Finding a job is irrelevant. Do you qualify for a visa?


----------



## bordios1983 (Mar 2, 2016)

Hi boss Verystormy,
Thank u so much for taking the time to response my message,actually as a beginner in this forum i do not also have knowledge of how to start a job in australia affiliation, and where do I start online, I am currently working here in Kuwait as Cashier/Food Server,but I want to work also as production worker in australia, I am applying every night through online to find a sponsor to work as a production worker would u help me more about this boss Verystormy? again thank so much and God bless you


----------



## Verystormy (Sep 14, 2015)

I am afraid it doesn't work like that.

To be sponsored you need a skill / occupation that is on one of the two occupation lists published by the government called SOL and CSOL. Along with the relevant qualifications and experience.

Jobs such as food serving are not available for sponsorship.

http://industry.gov.au/Office-of-th...ments/2015Submissions/Optometry-Australia.pdf

https://www.border.gov.au/Trav/Work...ng-authorities/skilled-occupations-lists/CSOL


----------



## bordios1983 (Mar 2, 2016)

I was very pleased with the second answer boss Verystormy I have learned now as a beginner because you answered,I start to read the information contained in the provided links you gave,thank u so much boss Verystormy God bless you


----------



## Green Koala (Mar 8, 2016)

Most popular source of job adverts is gumtree. You can search also on "seek" - sometimes you can find there an adverts with 457 visa option.


----------



## bordios1983 (Mar 2, 2016)

Thank u so much boss Green Koala,may God bless you


----------



## rosydovey (Feb 29, 2016)

Hi,bordios 
If you are permanent resident of Australia, and you have authority to take decision in country then the country will sponsor you a PR only.
If you are able for the government job or semi-govt sectors job then you have to fill form in government education authority sector and apply for the various post in private or government sector.


----------



## Verystormy (Sep 14, 2015)

rosydovey said:


> Hi,bordios
> If you are permanent resident of Australia, and you have authority to take decision in country then the country will sponsor you a PR only.
> If you are able for the government job or semi-govt sectors job then you have to fill form in government education authority sector and apply for the various post in private or government sector.


This makes no sense.
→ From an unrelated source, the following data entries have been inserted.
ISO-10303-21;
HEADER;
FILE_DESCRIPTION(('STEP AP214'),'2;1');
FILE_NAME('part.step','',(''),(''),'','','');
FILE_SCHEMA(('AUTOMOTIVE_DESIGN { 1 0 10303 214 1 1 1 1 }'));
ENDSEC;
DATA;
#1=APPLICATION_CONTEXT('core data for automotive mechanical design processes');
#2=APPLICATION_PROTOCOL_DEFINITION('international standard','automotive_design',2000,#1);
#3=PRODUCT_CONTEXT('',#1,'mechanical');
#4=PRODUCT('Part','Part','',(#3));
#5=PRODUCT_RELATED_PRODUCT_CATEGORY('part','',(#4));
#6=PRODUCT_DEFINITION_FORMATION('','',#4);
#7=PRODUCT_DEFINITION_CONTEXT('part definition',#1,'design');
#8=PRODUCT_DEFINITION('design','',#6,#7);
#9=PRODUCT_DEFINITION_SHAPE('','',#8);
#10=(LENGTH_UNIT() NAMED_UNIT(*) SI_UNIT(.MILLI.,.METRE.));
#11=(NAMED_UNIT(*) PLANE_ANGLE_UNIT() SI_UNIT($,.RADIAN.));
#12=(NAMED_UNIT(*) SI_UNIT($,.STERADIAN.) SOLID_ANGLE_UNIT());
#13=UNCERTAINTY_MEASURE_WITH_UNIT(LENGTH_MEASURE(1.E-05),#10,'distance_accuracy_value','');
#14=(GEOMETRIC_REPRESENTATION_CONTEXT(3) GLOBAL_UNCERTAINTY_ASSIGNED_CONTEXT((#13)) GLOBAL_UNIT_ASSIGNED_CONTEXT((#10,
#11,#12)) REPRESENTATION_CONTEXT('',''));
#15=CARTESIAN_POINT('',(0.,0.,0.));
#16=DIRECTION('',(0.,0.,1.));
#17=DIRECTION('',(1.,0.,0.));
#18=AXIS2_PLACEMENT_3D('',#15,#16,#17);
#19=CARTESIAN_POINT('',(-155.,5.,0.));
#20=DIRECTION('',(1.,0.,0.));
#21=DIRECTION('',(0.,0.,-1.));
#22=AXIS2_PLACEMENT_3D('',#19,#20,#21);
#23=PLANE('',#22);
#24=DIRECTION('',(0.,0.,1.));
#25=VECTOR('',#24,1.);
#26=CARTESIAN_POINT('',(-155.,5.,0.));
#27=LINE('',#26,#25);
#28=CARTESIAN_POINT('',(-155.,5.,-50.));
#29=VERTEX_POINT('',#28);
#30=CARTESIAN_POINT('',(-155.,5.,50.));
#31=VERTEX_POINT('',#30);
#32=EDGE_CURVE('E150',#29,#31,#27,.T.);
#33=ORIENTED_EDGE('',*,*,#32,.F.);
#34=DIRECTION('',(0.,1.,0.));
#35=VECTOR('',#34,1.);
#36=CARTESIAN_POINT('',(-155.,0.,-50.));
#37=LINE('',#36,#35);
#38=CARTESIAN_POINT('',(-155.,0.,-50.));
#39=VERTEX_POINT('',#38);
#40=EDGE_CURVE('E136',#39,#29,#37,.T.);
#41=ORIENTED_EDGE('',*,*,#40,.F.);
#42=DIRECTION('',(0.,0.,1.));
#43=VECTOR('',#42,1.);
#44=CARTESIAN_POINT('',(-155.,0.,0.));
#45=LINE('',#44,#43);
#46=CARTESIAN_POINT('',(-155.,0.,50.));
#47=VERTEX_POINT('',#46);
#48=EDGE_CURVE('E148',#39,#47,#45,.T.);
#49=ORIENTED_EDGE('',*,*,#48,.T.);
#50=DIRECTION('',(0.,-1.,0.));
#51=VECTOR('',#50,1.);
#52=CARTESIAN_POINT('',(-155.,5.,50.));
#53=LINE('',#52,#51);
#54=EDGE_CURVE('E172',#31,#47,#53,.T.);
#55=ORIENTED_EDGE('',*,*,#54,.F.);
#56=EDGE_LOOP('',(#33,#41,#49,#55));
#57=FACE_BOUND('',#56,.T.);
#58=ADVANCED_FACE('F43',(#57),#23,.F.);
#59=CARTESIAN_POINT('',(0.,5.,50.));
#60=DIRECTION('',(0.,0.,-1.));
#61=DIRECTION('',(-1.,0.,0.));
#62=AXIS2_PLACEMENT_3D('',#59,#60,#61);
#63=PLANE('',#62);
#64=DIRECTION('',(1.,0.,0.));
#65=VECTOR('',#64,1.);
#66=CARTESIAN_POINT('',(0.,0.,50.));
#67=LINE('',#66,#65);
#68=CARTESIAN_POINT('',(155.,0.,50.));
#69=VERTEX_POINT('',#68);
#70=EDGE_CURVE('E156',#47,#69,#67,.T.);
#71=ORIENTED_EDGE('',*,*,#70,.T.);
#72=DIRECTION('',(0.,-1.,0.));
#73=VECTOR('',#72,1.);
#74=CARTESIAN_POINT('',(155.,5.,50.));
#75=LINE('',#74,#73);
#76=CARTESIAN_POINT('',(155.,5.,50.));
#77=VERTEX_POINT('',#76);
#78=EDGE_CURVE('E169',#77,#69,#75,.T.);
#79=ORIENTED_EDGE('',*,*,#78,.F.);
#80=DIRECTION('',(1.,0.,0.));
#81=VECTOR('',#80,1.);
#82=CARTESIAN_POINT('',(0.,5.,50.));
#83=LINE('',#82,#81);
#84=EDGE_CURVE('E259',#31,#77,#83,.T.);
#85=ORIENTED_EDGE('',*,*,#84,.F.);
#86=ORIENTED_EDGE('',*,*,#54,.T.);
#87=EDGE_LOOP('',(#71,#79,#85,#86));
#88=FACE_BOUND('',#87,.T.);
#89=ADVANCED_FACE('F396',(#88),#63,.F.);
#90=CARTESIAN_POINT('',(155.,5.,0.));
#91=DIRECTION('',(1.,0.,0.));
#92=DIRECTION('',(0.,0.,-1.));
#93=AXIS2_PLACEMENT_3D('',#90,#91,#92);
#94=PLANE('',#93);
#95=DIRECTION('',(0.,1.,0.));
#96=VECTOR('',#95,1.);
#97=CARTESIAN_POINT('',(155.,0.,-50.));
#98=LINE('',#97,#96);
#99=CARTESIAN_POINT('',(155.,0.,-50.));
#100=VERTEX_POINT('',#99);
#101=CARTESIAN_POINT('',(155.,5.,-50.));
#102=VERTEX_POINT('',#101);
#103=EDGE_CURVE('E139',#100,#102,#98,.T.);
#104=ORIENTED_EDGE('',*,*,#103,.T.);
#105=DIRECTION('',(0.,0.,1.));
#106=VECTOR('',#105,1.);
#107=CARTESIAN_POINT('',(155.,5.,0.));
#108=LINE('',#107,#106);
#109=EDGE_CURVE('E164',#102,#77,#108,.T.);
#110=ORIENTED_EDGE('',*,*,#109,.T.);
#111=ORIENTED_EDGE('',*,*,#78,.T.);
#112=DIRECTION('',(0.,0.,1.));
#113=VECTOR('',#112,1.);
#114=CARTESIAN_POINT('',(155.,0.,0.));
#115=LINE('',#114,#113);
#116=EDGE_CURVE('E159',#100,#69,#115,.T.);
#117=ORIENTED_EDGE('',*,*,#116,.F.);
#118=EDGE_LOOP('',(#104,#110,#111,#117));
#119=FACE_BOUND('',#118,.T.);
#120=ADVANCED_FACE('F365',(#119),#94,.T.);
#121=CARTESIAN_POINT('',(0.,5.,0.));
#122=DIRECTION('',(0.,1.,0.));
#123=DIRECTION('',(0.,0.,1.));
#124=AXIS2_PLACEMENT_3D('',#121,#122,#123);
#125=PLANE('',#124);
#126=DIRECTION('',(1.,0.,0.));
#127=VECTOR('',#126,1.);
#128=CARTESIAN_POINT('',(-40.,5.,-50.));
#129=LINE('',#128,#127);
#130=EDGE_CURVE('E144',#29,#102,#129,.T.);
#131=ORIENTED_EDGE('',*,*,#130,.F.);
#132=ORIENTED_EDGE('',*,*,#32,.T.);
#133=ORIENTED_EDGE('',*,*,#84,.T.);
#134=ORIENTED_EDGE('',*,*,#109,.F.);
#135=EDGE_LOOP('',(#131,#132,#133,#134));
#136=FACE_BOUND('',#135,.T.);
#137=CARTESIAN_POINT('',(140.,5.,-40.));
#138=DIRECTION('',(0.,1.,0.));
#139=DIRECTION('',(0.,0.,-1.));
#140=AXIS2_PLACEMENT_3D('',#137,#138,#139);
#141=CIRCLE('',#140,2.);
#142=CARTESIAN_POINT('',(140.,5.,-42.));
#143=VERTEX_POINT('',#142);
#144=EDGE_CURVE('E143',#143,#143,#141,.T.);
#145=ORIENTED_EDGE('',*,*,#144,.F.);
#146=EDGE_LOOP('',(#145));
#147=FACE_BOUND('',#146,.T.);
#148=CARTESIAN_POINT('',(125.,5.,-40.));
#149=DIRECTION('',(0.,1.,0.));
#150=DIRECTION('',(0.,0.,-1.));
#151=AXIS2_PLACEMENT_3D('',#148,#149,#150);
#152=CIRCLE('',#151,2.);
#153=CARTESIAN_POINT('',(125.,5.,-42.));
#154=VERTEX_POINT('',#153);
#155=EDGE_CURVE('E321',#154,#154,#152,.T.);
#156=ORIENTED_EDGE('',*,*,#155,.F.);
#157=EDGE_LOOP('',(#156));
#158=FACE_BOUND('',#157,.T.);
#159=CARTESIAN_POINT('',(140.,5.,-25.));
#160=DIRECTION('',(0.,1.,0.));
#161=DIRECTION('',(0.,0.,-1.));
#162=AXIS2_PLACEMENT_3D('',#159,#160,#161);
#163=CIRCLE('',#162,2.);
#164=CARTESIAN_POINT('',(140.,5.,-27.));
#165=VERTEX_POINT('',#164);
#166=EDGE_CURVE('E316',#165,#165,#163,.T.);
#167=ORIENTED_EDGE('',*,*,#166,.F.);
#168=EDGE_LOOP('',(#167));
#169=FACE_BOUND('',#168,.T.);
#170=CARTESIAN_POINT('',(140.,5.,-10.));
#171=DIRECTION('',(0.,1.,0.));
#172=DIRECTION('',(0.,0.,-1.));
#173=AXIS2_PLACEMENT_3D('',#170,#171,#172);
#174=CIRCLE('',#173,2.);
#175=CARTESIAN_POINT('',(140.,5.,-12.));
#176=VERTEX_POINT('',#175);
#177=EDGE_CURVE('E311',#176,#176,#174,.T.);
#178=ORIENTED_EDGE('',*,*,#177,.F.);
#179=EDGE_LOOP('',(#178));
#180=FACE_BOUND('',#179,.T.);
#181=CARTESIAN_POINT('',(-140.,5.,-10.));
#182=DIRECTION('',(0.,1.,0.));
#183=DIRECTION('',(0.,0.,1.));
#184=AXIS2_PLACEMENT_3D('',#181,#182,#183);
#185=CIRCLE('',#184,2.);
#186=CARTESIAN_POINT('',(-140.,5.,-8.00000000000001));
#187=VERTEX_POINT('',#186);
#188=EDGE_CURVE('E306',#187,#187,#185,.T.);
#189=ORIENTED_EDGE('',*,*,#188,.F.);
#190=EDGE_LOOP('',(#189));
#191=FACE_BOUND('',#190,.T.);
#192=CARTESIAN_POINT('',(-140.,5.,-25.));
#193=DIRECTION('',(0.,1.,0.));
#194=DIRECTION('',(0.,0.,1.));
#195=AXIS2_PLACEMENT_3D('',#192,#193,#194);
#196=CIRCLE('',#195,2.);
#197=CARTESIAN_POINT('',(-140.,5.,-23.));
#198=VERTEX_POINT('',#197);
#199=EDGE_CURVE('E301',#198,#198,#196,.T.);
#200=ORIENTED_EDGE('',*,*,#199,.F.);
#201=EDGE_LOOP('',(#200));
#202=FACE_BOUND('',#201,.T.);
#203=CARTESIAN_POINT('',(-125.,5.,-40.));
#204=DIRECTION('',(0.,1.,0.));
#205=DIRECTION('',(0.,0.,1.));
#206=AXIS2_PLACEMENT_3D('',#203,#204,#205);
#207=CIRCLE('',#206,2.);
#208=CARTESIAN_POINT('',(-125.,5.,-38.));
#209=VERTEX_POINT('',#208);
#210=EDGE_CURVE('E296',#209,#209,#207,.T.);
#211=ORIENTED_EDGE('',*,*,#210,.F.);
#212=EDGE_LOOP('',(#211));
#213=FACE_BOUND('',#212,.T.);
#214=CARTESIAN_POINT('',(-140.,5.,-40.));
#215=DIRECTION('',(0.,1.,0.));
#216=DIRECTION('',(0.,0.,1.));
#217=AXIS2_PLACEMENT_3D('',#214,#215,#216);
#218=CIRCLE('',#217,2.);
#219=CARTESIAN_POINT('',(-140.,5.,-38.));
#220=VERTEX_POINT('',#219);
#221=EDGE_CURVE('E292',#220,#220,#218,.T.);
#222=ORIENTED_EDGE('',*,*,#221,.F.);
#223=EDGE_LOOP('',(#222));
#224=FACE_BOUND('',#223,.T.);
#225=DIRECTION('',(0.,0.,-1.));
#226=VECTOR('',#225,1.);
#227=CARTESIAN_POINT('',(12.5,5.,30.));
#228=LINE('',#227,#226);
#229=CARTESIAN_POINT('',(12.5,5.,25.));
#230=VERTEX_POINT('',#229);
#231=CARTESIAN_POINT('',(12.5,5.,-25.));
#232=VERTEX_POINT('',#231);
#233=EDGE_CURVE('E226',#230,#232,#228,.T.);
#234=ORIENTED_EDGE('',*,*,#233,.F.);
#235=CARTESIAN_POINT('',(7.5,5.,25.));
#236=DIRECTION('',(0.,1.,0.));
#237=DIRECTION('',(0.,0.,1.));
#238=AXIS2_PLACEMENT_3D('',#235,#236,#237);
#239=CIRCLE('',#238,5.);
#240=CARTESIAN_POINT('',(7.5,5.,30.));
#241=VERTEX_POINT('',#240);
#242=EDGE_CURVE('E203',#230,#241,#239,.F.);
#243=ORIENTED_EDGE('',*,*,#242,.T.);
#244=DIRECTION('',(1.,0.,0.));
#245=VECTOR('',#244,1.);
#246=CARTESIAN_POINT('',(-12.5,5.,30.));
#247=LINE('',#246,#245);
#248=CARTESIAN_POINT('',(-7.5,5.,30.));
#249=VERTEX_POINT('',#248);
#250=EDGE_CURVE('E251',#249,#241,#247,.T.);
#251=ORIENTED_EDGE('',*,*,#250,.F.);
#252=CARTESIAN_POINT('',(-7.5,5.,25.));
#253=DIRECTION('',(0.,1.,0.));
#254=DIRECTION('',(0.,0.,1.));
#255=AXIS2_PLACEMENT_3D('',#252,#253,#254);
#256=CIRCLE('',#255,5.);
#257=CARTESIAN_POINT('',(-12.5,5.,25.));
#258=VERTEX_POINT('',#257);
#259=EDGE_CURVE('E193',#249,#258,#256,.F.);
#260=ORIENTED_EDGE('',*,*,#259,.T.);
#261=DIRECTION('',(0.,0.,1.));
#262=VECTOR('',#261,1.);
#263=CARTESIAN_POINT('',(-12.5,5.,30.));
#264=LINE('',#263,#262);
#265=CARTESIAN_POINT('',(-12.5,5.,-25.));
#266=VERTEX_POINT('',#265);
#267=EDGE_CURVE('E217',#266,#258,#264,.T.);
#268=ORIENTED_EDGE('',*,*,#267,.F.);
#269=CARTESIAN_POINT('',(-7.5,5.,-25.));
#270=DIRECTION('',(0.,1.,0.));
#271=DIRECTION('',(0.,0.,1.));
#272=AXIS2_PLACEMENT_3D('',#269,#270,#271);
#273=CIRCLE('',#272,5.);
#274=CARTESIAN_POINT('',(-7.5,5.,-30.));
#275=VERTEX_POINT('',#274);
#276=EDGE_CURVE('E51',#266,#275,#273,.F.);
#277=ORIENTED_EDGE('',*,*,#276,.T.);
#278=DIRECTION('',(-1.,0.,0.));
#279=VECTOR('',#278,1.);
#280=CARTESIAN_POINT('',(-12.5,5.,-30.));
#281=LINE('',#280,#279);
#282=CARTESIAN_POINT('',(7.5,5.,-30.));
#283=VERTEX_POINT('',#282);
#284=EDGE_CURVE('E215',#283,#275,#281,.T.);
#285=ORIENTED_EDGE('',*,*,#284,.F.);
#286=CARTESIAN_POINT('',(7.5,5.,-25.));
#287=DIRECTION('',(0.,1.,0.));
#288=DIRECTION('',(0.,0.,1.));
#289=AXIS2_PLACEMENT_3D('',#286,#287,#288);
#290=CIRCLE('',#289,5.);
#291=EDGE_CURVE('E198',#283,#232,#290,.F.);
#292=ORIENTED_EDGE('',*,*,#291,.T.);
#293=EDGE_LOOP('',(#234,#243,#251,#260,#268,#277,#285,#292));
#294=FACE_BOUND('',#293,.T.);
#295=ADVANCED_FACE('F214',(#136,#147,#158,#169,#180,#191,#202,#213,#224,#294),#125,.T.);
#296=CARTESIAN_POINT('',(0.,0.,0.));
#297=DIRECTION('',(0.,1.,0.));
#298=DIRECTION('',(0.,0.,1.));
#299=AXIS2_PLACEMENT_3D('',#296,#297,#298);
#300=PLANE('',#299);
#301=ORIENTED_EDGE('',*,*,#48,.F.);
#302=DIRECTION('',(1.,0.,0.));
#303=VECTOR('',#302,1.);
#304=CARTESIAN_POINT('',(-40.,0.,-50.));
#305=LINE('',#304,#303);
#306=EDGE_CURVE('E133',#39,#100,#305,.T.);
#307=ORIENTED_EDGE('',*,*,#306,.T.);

The OP isn't eligible for a visa.


----------



## bordios1983 (Mar 2, 2016)

Thank u so much for ur time guy's to reply I appreciate d,may God bless u guy's


----------



## khansdaf (May 3, 2016)

Hi bordios, "seek" a good website to finding a job in Australia online. But as my experience you can first get the PR visa.


----------



## bordios1983 (Mar 2, 2016)

Thank u so boss khansdaf,so I can apply for pr in the embassy of Australia here in kuwait?may God bless you boss


----------



## bordios1983 (Mar 2, 2016)

Hi boss Khansdaf thank u so much ur reply,so I can apply for PR in the embassy of Australia here in kuwait right?may God bless u


----------



## Verystormy (Sep 14, 2015)

bordios1983 said:


> Hi boss Khansdaf thank u so much ur reply,so I can apply for PR in the embassy of Australia here in kuwait right?may God bless u


No.

Did you read my previous email. Did you look at the links I posted?

You must have an occupation and qualifications and experience in one of the skilled occupations on one of those lists. Your current occupation is not eligible for a visa. You can not work in Australia without a visa.


----------



## mando73 (May 3, 2016)

There are many good sites too find jobs like indeed au , seek or Tanquib


----------



## Verystormy (Sep 14, 2015)

mando73 said:


> There are many good sites too find jobs like indeed au , seek or Tanquib


There is no point in the poster looking for a job if they do not qualify for a visa


----------